Your task is to give the records again exactly. Leave each picture out.

Data supplied =
+ + +

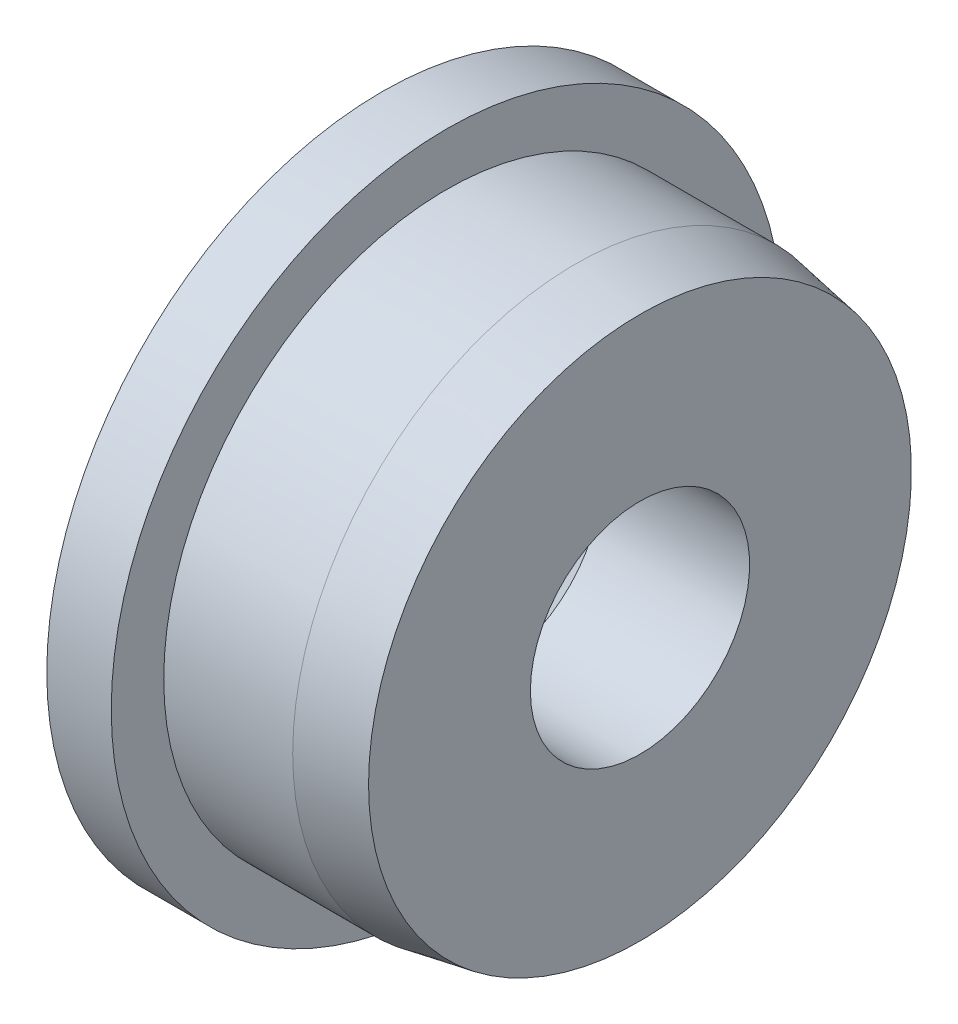
from build123d import *


with BuildPart() as part:
    # Sketch1 → Revolve1 (revolve)
    with BuildSketch(Plane.XY, mode=Mode.PRIVATE) as revolve1_sk:
        Polygon((3.81, 2.159), (0.889, 2.159), (-1.27, 4.318), (-1.27, 6.604), (0, 6.604), (0, 5.57022), (2.54, 5.57022), (3.81, 5.346284735), align=None)
    revolve(revolve1_sk.sketch.rotate(Axis((0, 0, 0), (1, 0, 0)), 90), axis=Axis((0, 0, 0), (1, 0, 0)))  # turned: the seam where the file's is


solid = part.part

+ + +

Exercise result =
from build123d import *


with BuildPart() as part:
    # Sketch1 → Revolve1 (revolve)
    with BuildSketch(Plane.XY, mode=Mode.PRIVATE) as revolve1_sk:
        Polygon((3.81, 2.159), (0.889, 2.159), (-1.27, 4.318), (-1.27, 6.604), (0, 6.604), (0, 5.57022), (2.54, 5.57022), (3.81, 5.346284735), align=None)
    revolve(revolve1_sk.sketch.rotate(Axis((0, 0, 0), (1, 0, 0)), 90), axis=Axis((0, 0, 0), (1, 0, 0)))  # turned: the seam where the file's is


solid = part.part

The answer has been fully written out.